[Supplied records — start]

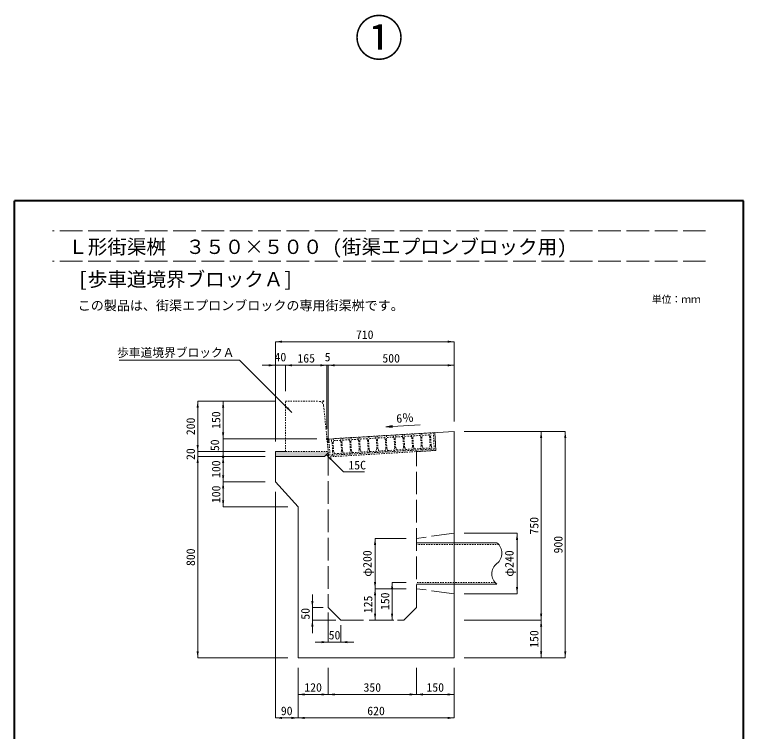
# Model space of a CAD drawing. Units: millimetres at full size, sheet at 1:15; some dimension numbers follow another scale. Extents: x -4181 to 10399, y -2172 to 2767.
# Drawn here: x -4181 to -1286, y -82 to 2767 of the extents above; entities that cross this region are included whole.
import ezdxf
from ezdxf.enums import TextEntityAlignment as Align

# ---------------------------------------------------------------- set-up
doc = ezdxf.new("R2010")
doc.units = ezdxf.units.MM
doc.header["$LTSCALE"] = 15
doc.linetypes.add('DASHED', pattern=[7.5, 6, -1.5])
doc.linetypes.add('USER1', pattern=[0.675, 0.375, -0.3])
for name, color, linetype, lineweight in [('0_2', 7, 'Continuous', 9), ('受枠', 3, 'USER1', 9), ('境界ブロック', 7, 'USER1', 9), ('寸法線', 7, 'Continuous', 9), ('枠', 7, 'Continuous', 5), ('補助線', 8, 'Continuous', 20), ('集水桝', 1, 'Continuous', 13), ('ｸﾞﾚｰﾁﾝｸﾞ', 7, 'Continuous', 9)]:
    doc.layers.add(name, color=color, linetype=linetype, lineweight=lineweight)
doc.layers.add('ﾊｯﾁﾝｸﾞ', color=7, linetype='Continuous')
doc.styles.add('ＭＳ ゴシック', font='')
doc.styles.get('ＭＳ ゴシック').set_extended_font_data('MS Gothic')

# ---------------------------------------------------------------- blocks, each defined once
blk = doc.blocks.new('filled_arrow')
at = {"color": 0, "linetype": 'Continuous', "lineweight": -2}
blk.add_solid([(7.5, 1.25), (0, 0), (7.5, -1.25)], dxfattribs=at)

msp = doc.modelspace()

# ---------------------------------------------------------------- hatches: boundary and pattern name
at = {"layer": '寸法線'}
msp.add_hatch(color=256, dxfattribs=at).paths.add_polyline_path([(-2680.54, 1125.76), (-2706.75, 1128.51), (-2681.07, 1134.41)])
at = {"layer": 'ﾊｯﾁﾝｸﾞ'}
msp.add_hatch(color=256, dxfattribs=at).paths.add_polyline_path([(-3104.96, 1030.4), (-3144.96, 1030.4), (-3144.96, 1010.4), (-2949.96, 1010.4), (-2934.96, 1025.4), (-2934.96, 1030.4)])

# ---------------------------------------------------------------- linework, layer by layer
at = {"layer": '0_2'}
for p, q in [((-3052.96, 1373.27), (-3196.96, 1373.27)), ((-3144.96, 1070.4), (-3144.96, 1373.27)), ((-2939.96, 1373.27), (-3104.96, 1373.27)), ((-3104.96, 1270.4), (-3104.96, 1373.27)), ((-3104.96, 1270.4), (-3104.96, 1373.27)), ((-2882.96, 1373.27), (-2991.96, 1373.27)), ((-2939.96, 1120.4), (-2939.96, 1373.27)), ((-2939.96, 1120.4), (-2939.96, 1373.27)), ((-2934.96, 1373.27), (-2434.96, 1373.27)), ((-2934.96, 1065.4), (-2934.96, 1373.27)), ((-2934.96, 1065.4), (-2934.96, 1373.27)), ((-2434.96, 1150.4), (-2434.96, 1373.27)), ((-3453.48, 1030.4), (-3453.48, 1230.4)), ((-3144.96, 1230.4), (-3453.48, 1230.4)), ((-3352.46, 1080.4), (-3352.46, 1230.4)), ((-3144.96, 1230.4), (-3352.46, 1230.4)), ((-3352.46, 978.4), (-3352.46, 1132.4)), ((-2979.96, 1080.4), (-3352.46, 1080.4)), ((-2979.96, 1080.4), (-3352.46, 1080.4)), ((-3184.96, 1030.4), (-3453.48, 1030.4)), ((-3184.96, 1030.4), (-3352.46, 1030.4)), ((-3144.96, 1010.4), (-3144.96, 1030.4)), ((-3144.96, 1030.4), (-3104.96, 1030.4))]:
    msp.add_line(p, q, dxfattribs=at)
at = {"layer": '0_2', "linetype": 'USER1'}
msp.add_line((-3104.96, 1030.4), (-2934.96, 1030.4), dxfattribs=at)
at = {"layer": '受枠'}
for p, q in [((-2517.7, 1105.44), (-2511.71, 1105.8)), ((-2517.7, 1105.44), (-2513.81, 1040.55)), ((-2511.71, 1105.8), (-2507.46, 1034.92)), ((-2937.95, 1080.22), (-2931.96, 1080.58)), ((-2937.95, 1080.22), (-2933.7, 1009.35)), ((-2931.96, 1080.58), (-2927.71, 1009.71)), ((-2507.46, 1034.92), (-2933.7, 1009.35)), ((-2513.81, 1040.55), (-2928.07, 1015.7)), ((-2585.32, 1036.26), (-2584.96, 1030.27))]:
    msp.add_line(p, q, dxfattribs=at)
at = {"layer": '境界ブロック'}
for p, q in [((-3104.96, 1030.4), (-3104.96, 1230.4)), ((-3104.96, 1230.4), (-2973.06, 1230.4)), ((-2953.16, 1212.39), (-2934.96, 1030.4))]:
    msp.add_line(p, q, dxfattribs=at)
msp.add_arc((-2973.06, 1210.4), 20, 5.71059, 90, dxfattribs=at)
at = {"layer": '寸法線'}
for p, q in [((-3144.96, 1467.11), (-2434.96, 1467.11)), ((-3144.96, 1320.4), (-3144.96, 1467.11)), ((-2434.96, 1150.4), (-2434.96, 1467.11)), ((-2680.8, 1130.09), (-2570.01, 1136.84)), ((-2394.96, 1110.4), (-2089.26, 1110.4)), ((-2394.96, 1110.4), (-1993.53, 1110.4)), ((-2089.26, 360.4), (-2089.26, 1110.4)), ((-1993.53, 1110.4), (-1993.53, 210.4)), ((-3453.48, 958.4), (-3453.48, 1082.4)), ((-3184.96, 1030.4), (-3453.48, 1030.4)), ((-3453.48, 1010.4), (-3453.48, 210.4)), ((-3184.96, 1010.4), (-3453.48, 1010.4)), ((-3184.96, 1010.4), (-3453.48, 1010.4)), ((-3352.46, 910.4), (-3352.46, 1010.4)), ((-3184.96, 1010.4), (-3352.46, 1010.4)), ((-3184.96, 910.4), (-3352.46, 910.4)), ((-3352.46, 910.4), (-3352.46, 810.4)), ((-3184.96, 910.4), (-3352.46, 910.4)), ((-3144.96, 870.4), (-3144.96, -28.33)), ((-3094.96, 810.4), (-3352.46, 810.4)), ((-2394.96, 705.4), (-2184.99, 705.4)), ((-2184.99, 705.4), (-2184.99, 465.4)), ((-2748.97, 485.4), (-2748.97, 685.4)), ((-2624.96, 685.4), (-2748.97, 685.4)), ((-2624.96, 485.4), (-2748.97, 485.4)), ((-2748.97, 485.4), (-2748.97, 360.4)), ((-2624.96, 485.4), (-2748.97, 485.4)), ((-2394.96, 465.4), (-2184.99, 465.4)), ((-2997.93, 308.4), (-2997.93, 462.4)), ((-2954.96, 410.4), (-2997.93, 410.4)), ((-2934.96, 390.4), (-2934.96, 272.89)), ((-2904.96, 360.4), (-2997.93, 360.4)), ((-2674.96, 360.4), (-2748.97, 360.4)), ((-2394.96, 360.4), (-2089.26, 360.4)), ((-2394.96, 360.4), (-2089.26, 360.4)), ((-2089.26, 210.4), (-2089.26, 360.4)), ((-2884.96, 340.4), (-2884.96, 272.89)), ((-2832.96, 272.89), (-2986.96, 272.89)), ((-3094.96, 210.4), (-3453.48, 210.4)), ((-2394.96, 210.4), (-2089.26, 210.4)), ((-2394.96, 210.4), (-1993.53, 210.4)), ((-3054.96, 170.4), (-3054.96, 64.89)), ((-3054.96, 170.4), (-3054.96, -28.33)), ((-3054.96, 170.4), (-3054.96, -28.33)), ((-2934.96, 170.4), (-2934.96, 64.89)), ((-2934.96, 170.4), (-2934.96, 64.89)), ((-2584.96, 170.4), (-2584.96, 64.89)), ((-2584.96, 170.4), (-2584.96, 64.89)), ((-2434.96, 170.4), (-2434.96, 64.89)), ((-2434.96, 170.4), (-2434.96, -28.33)), ((-3054.96, 64.89), (-2934.96, 64.89)), ((-2934.96, 64.89), (-2584.96, 64.89)), ((-2584.96, 64.89), (-2434.96, 64.89)), ((-3054.96, -28.33), (-3144.96, -28.33)), ((-2434.96, -28.33), (-3054.96, -28.33))]:
    msp.add_line(p, q, dxfattribs=at)
for points in [[(-3079.46, 1185.83), (-3287.45, 1393.81), (-3764.85, 1393.81)], [(-2942.46, 1017.9), (-2874.91, 950.35), (-2790.77, 950.35)]]:
    msp.add_lwpolyline(points, dxfattribs=at)
at = {"layer": '寸法線', "lineweight": 13}
msp.add_lwpolyline([(-2680.54, 1125.76), (-2706.75, 1128.51), (-2681.07, 1134.41)], close=True, dxfattribs=at)
at = {"layer": '枠', "lineweight": 40}
for p, q in [((-1285.84, 2027.68), (-4180.84, 2027.68)), ((-4180.84, -2172.32), (-4180.84, 2027.68)), ((-1285.84, -2172.32), (-1285.84, 2027.68))]:
    msp.add_line(p, q, dxfattribs=at)
at = {"layer": '枠', "linetype": 'DASHED', "lineweight": 13}
for p, q in [((-1435.84, 1907.68), (-4030.84, 1907.68)), ((-1435.84, 1787.68), (-4030.84, 1787.68))]:
    msp.add_line(p, q, dxfattribs=at)
at = {"layer": '補助線'}
for p, q in [((-2264.96, 667.9), (-2584.96, 667.9)), ((-2264.96, 502.9), (-2584.96, 502.9))]:
    msp.add_line(p, q, dxfattribs=at)
at = {"layer": '補助線', "linetype": 'USER1'}
for p, q in [((-2257.23, 660.4), (-2584.96, 660.4)), ((-2272.69, 510.4), (-2584.96, 510.4))]:
    msp.add_line(p, q, dxfattribs=at)
at = {"layer": '補助線', "lineweight": 9}
for p, q in [((-2681.37, 360.4), (-2681.37, 510.4)), ((-2624.96, 510.4), (-2681.37, 510.4)), ((-2674.96, 360.4), (-2681.37, 360.4))]:
    msp.add_line(p, q, dxfattribs=at)
at = {"layer": '補助線', "lineweight": 13}
for centre in [(-2954.96, 1230.4), (-2939.96, 1080.4)]:
    msp.add_circle(centre, 2, dxfattribs=at)
at = {"layer": '補助線'}
for centre, start, end in [((-2297.5, 626.65), 308.26729, 51.73271), ((-2232.42, 544.15), 128.26729, 231.73271)]:
    msp.add_arc(centre, 52.54, start, end, dxfattribs=at)
at = {"layer": '集水桝', "lineweight": 20}
for p, q in [((-2434.96, 1110.4), (-2937.95, 1080.22)), ((-2507.46, 1034.92), (-2511.71, 1105.8)), ((-2434.96, 210.4), (-2434.96, 1110.4)), ((-2949.96, 1010.4), (-2934.96, 1025.4)), ((-2584.96, 1030.27), (-2507.46, 1034.92)), ((-3144.96, 1010.4), (-2949.96, 1010.4)), ((-3144.96, 1010.4), (-3144.96, 910.4)), ((-3054.96, 810.4), (-3144.96, 910.4)), ((-3054.96, 810.4), (-3054.96, 210.4)), ((-3054.96, 210.4), (-2434.96, 210.4))]:
    msp.add_line(p, q, dxfattribs=at)
at = {"layer": '集水桝', "linetype": 'DASHED'}
for p, q in [((-2934.96, 1025.4), (-2934.96, 410.4)), ((-2584.96, 410.4), (-2584.96, 1030.27)), ((-2434.96, 705.4), (-2584.96, 685.4)), ((-2434.96, 465.4), (-2584.96, 485.4)), ((-2934.96, 410.4), (-2884.96, 360.4)), ((-2634.96, 360.4), (-2584.96, 410.4)), ((-2884.96, 360.4), (-2634.96, 360.4))]:
    msp.add_line(p, q, dxfattribs=at)
at = {"layer": 'ｸﾞﾚｰﾁﾝｸﾞ', "linetype": 'USER1'}
for p, q in [((-2527.69, 1104.84), (-2921.98, 1081.18)), ((-2604.49, 1090.21), (-2605.09, 1100.19)), ((-2598.11, 1100.61), (-2597.51, 1090.63)), ((-2569.28, 1092.32), (-2569.88, 1102.3)), ((-2562.9, 1102.72), (-2562.3, 1092.74)), ((-2534.07, 1094.44), (-2534.67, 1104.42)), ((-2527.69, 1104.84), (-2527.09, 1094.85)), ((-2921.38, 1071.2), (-2921.98, 1081.18)), ((-2919.58, 1066.3), (-2921.38, 1071.2)), ((-2914.39, 1071.62), (-2915.59, 1066.54)), ((-2914.99, 1081.6), (-2914.39, 1071.62)), ((-2886.29, 1075.31), (-2914.51, 1073.61)), ((-2886.17, 1073.31), (-2886.77, 1083.29)), ((-2884.37, 1068.41), (-2886.17, 1073.31)), ((-2879.18, 1073.73), (-2880.38, 1068.65)), ((-2879.78, 1083.71), (-2879.18, 1073.73)), ((-2851.08, 1077.42), (-2879.3, 1075.73)), ((-2850.96, 1075.42), (-2851.56, 1085.4)), ((-2849.16, 1070.52), (-2850.96, 1075.42)), ((-2843.97, 1075.84), (-2845.17, 1070.76)), ((-2844.57, 1085.82), (-2843.97, 1075.84)), ((-2815.87, 1079.53), (-2844.09, 1077.84)), ((-2815.75, 1077.53), (-2816.35, 1087.52)), ((-2813.95, 1072.63), (-2815.75, 1077.53)), ((-2811.86, 1037.7), (-2813.95, 1072.63)), ((-2808.76, 1077.95), (-2809.96, 1072.87)), ((-2809.96, 1072.87), (-2807.86, 1037.94)), ((-2809.36, 1087.94), (-2808.76, 1077.95)), ((-2780.66, 1081.64), (-2808.88, 1079.95)), ((-2780.54, 1079.65), (-2781.14, 1089.63)), ((-2778.74, 1074.75), (-2780.54, 1079.65)), ((-2776.65, 1039.81), (-2778.74, 1074.75)), ((-2773.55, 1080.07), (-2774.75, 1074.99)), ((-2774.75, 1074.99), (-2772.65, 1040.05)), ((-2774.15, 1090.05), (-2773.55, 1080.07)), ((-2745.45, 1083.76), (-2773.67, 1082.06)), ((-2745.33, 1081.76), (-2745.93, 1091.74)), ((-2743.53, 1076.86), (-2745.33, 1081.76)), ((-2741.44, 1041.92), (-2743.53, 1076.86)), ((-2738.34, 1082.18), (-2739.54, 1077.1)), ((-2739.54, 1077.1), (-2737.45, 1042.16)), ((-2738.94, 1092.16), (-2738.34, 1082.18)), ((-2710.24, 1085.87), (-2738.46, 1084.18)), ((-2710.12, 1083.87), (-2710.72, 1093.85)), ((-2708.33, 1078.97), (-2710.12, 1083.87)), ((-2706.23, 1044.03), (-2708.33, 1078.97)), ((-2703.13, 1084.29), (-2704.33, 1079.21)), ((-2704.33, 1079.21), (-2702.24, 1044.27)), ((-2703.73, 1094.27), (-2703.13, 1084.29)), ((-2675.03, 1087.98), (-2703.25, 1086.29)), ((-2674.91, 1085.99), (-2675.51, 1095.97)), ((-2673.12, 1081.08), (-2674.91, 1085.99)), ((-2671.02, 1046.15), (-2673.12, 1081.08)), ((-2667.92, 1086.4), (-2669.12, 1081.32)), ((-2669.12, 1081.32), (-2667.03, 1046.39)), ((-2668.52, 1096.39), (-2667.92, 1086.4)), ((-2639.82, 1090.09), (-2668.04, 1088.4)), ((-2639.7, 1088.1), (-2640.3, 1098.08)), ((-2637.91, 1083.2), (-2639.7, 1088.1)), ((-2635.81, 1048.26), (-2637.91, 1083.2)), ((-2632.72, 1088.52), (-2633.91, 1083.44)), ((-2633.91, 1083.44), (-2631.82, 1048.5)), ((-2633.31, 1098.5), (-2632.72, 1088.52)), ((-2604.61, 1092.21), (-2632.84, 1090.51)), ((-2602.7, 1085.31), (-2604.49, 1090.21)), ((-2600.6, 1050.37), (-2602.7, 1085.31)), ((-2597.51, 1090.63), (-2598.7, 1085.55)), ((-2598.7, 1085.55), (-2596.61, 1050.61)), ((-2569.4, 1094.32), (-2597.63, 1092.63)), ((-2567.49, 1087.42), (-2569.28, 1092.32)), ((-2565.39, 1052.48), (-2567.49, 1087.42)), ((-2562.3, 1092.74), (-2563.49, 1087.66)), ((-2563.49, 1087.66), (-2561.4, 1052.72)), ((-2534.19, 1096.43), (-2562.42, 1094.74)), ((-2532.28, 1089.53), (-2534.07, 1094.44)), ((-2530.18, 1054.6), (-2532.28, 1089.53)), ((-2527.09, 1094.85), (-2528.29, 1089.77)), ((-2528.29, 1089.77), (-2526.19, 1054.84)), ((-2917.49, 1031.36), (-2919.58, 1066.3)), ((-2915.59, 1066.54), (-2913.49, 1031.6)), ((-2882.28, 1033.47), (-2884.37, 1068.41)), ((-2880.38, 1068.65), (-2878.28, 1033.71)), ((-2847.07, 1035.58), (-2849.16, 1070.52)), ((-2845.17, 1070.76), (-2843.07, 1035.82)), ((-2707.43, 1038.95), (-2706.23, 1044.03)), ((-2702.24, 1044.27), (-2700.44, 1039.37)), ((-2672.22, 1041.07), (-2671.02, 1046.15)), ((-2667.03, 1046.39), (-2665.23, 1041.49)), ((-2637.01, 1043.18), (-2635.81, 1048.26)), ((-2636.41, 1033.2), (-2637.01, 1043.18)), ((-2631.82, 1048.5), (-2630.02, 1043.6)), ((-2630.02, 1043.6), (-2629.42, 1033.62)), ((-2601.8, 1045.29), (-2600.6, 1050.37)), ((-2601.2, 1035.31), (-2601.8, 1045.29)), ((-2596.61, 1050.61), (-2594.81, 1045.71)), ((-2594.81, 1045.71), (-2594.21, 1035.73)), ((-2566.29, 1042.41), (-2594.51, 1040.72)), ((-2566.59, 1047.4), (-2565.39, 1052.48)), ((-2565.99, 1037.42), (-2566.59, 1047.4)), ((-2561.4, 1052.72), (-2559.6, 1047.82)), ((-2559.6, 1047.82), (-2559, 1037.84)), ((-2531.08, 1044.53), (-2559.3, 1042.83)), ((-2531.38, 1049.52), (-2530.18, 1054.6)), ((-2530.78, 1039.53), (-2531.38, 1049.52)), ((-2526.19, 1054.84), (-2524.39, 1049.94)), ((-2524.39, 1049.94), (-2523.79, 1039.95)), ((-2918.68, 1026.28), (-2917.49, 1031.36)), ((-2918.08, 1016.3), (-2918.68, 1026.28)), ((-2911.1, 1016.72), (-2918.08, 1016.3)), ((-2913.49, 1031.6), (-2911.7, 1026.7)), ((-2911.7, 1026.7), (-2911.1, 1016.72)), ((-2883.17, 1023.4), (-2911.4, 1021.71)), ((-2883.47, 1028.39), (-2882.28, 1033.47)), ((-2882.87, 1018.41), (-2883.47, 1028.39)), ((-2875.89, 1018.83), (-2882.87, 1018.41)), ((-2878.28, 1033.71), (-2876.49, 1028.81)), ((-2876.49, 1028.81), (-2875.89, 1018.83)), ((-2847.96, 1025.51), (-2876.19, 1023.82)), ((-2848.26, 1030.5), (-2847.07, 1035.58)), ((-2847.67, 1020.52), (-2848.26, 1030.5)), ((-2840.68, 1020.94), (-2847.67, 1020.52)), ((-2843.07, 1035.82), (-2841.28, 1030.92)), ((-2841.28, 1030.92), (-2840.68, 1020.94)), ((-2812.76, 1027.62), (-2840.98, 1025.93)), ((-2813.05, 1032.62), (-2811.86, 1037.7)), ((-2812.46, 1022.63), (-2813.05, 1032.62)), ((-2805.47, 1023.05), (-2812.46, 1022.63)), ((-2807.86, 1037.94), (-2806.07, 1033.03)), ((-2806.07, 1033.03), (-2805.47, 1023.05)), ((-2777.55, 1029.74), (-2805.77, 1028.04)), ((-2777.85, 1034.73), (-2776.65, 1039.81)), ((-2777.25, 1024.75), (-2777.85, 1034.73)), ((-2770.26, 1025.17), (-2777.25, 1024.75)), ((-2772.65, 1040.05), (-2770.86, 1035.15)), ((-2770.86, 1035.15), (-2770.26, 1025.17)), ((-2742.34, 1031.85), (-2770.56, 1030.16)), ((-2742.64, 1036.84), (-2741.44, 1041.92)), ((-2742.04, 1026.86), (-2742.64, 1036.84)), ((-2735.05, 1027.28), (-2742.04, 1026.86)), ((-2737.45, 1042.16), (-2735.65, 1037.26)), ((-2735.65, 1037.26), (-2735.05, 1027.28)), ((-2707.13, 1033.96), (-2735.35, 1032.27)), ((-2706.83, 1028.97), (-2707.43, 1038.95)), ((-2699.84, 1029.39), (-2706.83, 1028.97)), ((-2700.44, 1039.37), (-2699.84, 1029.39)), ((-2671.92, 1036.07), (-2700.14, 1034.38)), ((-2671.62, 1031.08), (-2672.22, 1041.07)), ((-2664.63, 1031.5), (-2671.62, 1031.08)), ((-2665.23, 1041.49), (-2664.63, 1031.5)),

[Supplied records — finish]

_Task objective_
When a line in the material above holds the word "lineweight", count it; report only the total.

_Task answer_
9